Paul Kim (born March, 1981) is a Korean American musician, singer and rapper.

==Background==
Kim grew up in Saratoga, California, and attended Monta Vista High School in Cupertino, California. As can be seen in his Season 6 American Idol segment, Kim's motivation for auditioning for the show was to dispel and shatter the stereotypical Asian images that William Hung perpetuated during prior seasons.

==On American Idol==
Kim's initial performance on Season 6 of American Idol garnered all "yes" votes from the judges, and Randy Jackson declared that Kim had one of the best male vocals he heard that season, in Season 6. When Kim made it as one of the top 24 semi-finalists, it was mentioned that the judges were divided by "a split decision". It is notable that he sang barefoot during all of his performances.
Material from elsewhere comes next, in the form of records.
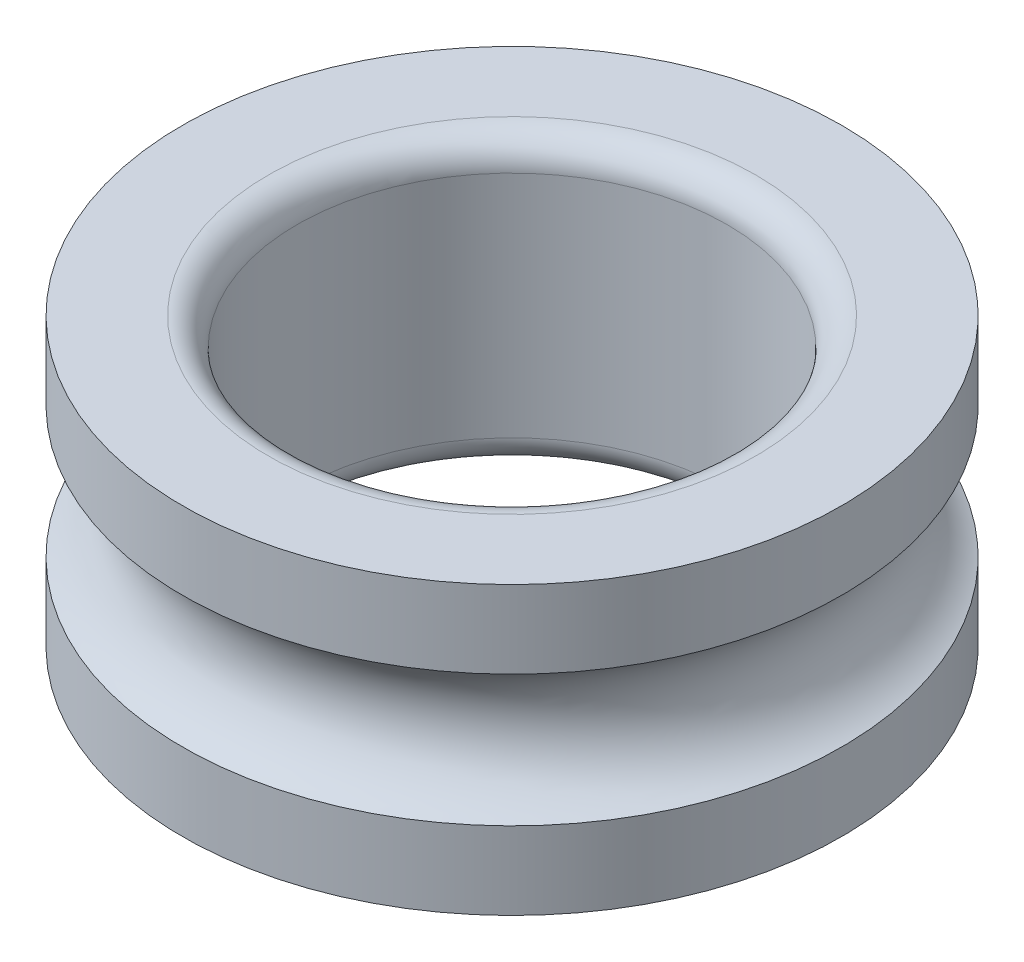
from build123d import *


with BuildPart() as part:
    # Sketch1 → Revolve1 (revolve)
    with BuildSketch(Plane.YZ, mode=Mode.PRIVATE) as revolve1_sk:
        with BuildLine():
            Line((-4, 7.5), (4, 7.5))
            ThreePointArc((4, 7.5), (4.707106781, 7.792893219), (5, 8.5))
            Line((5, 8.5), (5, 11.5))
            Line((5, 11.5), (2.291287847, 11.5))
            ThreePointArc((2.291287847, 11.5), (0, 10), (-2.291287847, 11.5))
            Line((-2.291287847, 11.5), (-5, 11.5))
            Line((-5, 11.5), (-5, 8.5))
            ThreePointArc((-5, 8.5), (-4.707106781, 7.792893219), (-4, 7.5))
        make_face()
    revolve(revolve1_sk.sketch.rotate(Axis((0, -16.256883036, 0), (0, 1, 0)), 180), axis=Axis((0, -16.256883036, 0), (0, 1, 0)))


solid = part.part

==Work, YouTube channel, and career==
Kim currently has a YouTube channel that has over 337,000 subscribers and over 189,830,000 total views as of 2020. Some of his most popular videos are: his cover of an English version of Big Bang's "Bad Girl" (the music video also starring Eunice Kiss), his cover of Taeyang's "I Need A Girl" (with David So), his cover of G-Dragon's "That XX" (with David So), and his cover of Bruno Mars' "Locked Out of Heaven" (Paul Kim x John Ho remix). Kim has also done covers of songs by Drake, Robin Thicke, Justin Timberlake, Miguel, Omarion, Usher, Boyz II Men, Frank Ocean, Coldplay, Beyoncé, Adele and others. Kim has also worked with other YouTube artists such as Dumbfoundead/Parker, David So, Joseph Vincent, Z. Woods, Baiyu, Eunice Kiss, Jennifer Chung, Megan Lee, Danakadan (afterschoolspecial) and other artists.

Among his original songs include "No Turning Back" with Dumbfoundead/Parker and CHOPS (the music video directed by Timothy Tau and JL Jupiter), "You Left Me for That" (the music video directed by Anthony Bui and starring Grace Su and Timothy DeLaGhetto), "Outta My Head" (music video directed by Alexandher), "Today" (music video directed by Daniel Kwan), "Getaway" (music video directed by Evan Asato), "She Is The Reason" (music video directed by Edward Park), "Make Believe" (feat. Baiyu (singer)) (music video directed by Anthony Bui), "Still Not Over You" (feat. Eunice Kiss) (music video directed by Ebling Howard), "You Had Your Chance" (music video directed by Dan Fisher), "Give Into Me" (music video directed by Evan Asato) and more. Most of his original songs and remixes are available for purchase over iTunes.

Kim also has started his own apparel line along with David So, entitled "Go For Broke Apparel".

Kim has released an album titled My Word which includes fifteen tracks on January 21, 2015.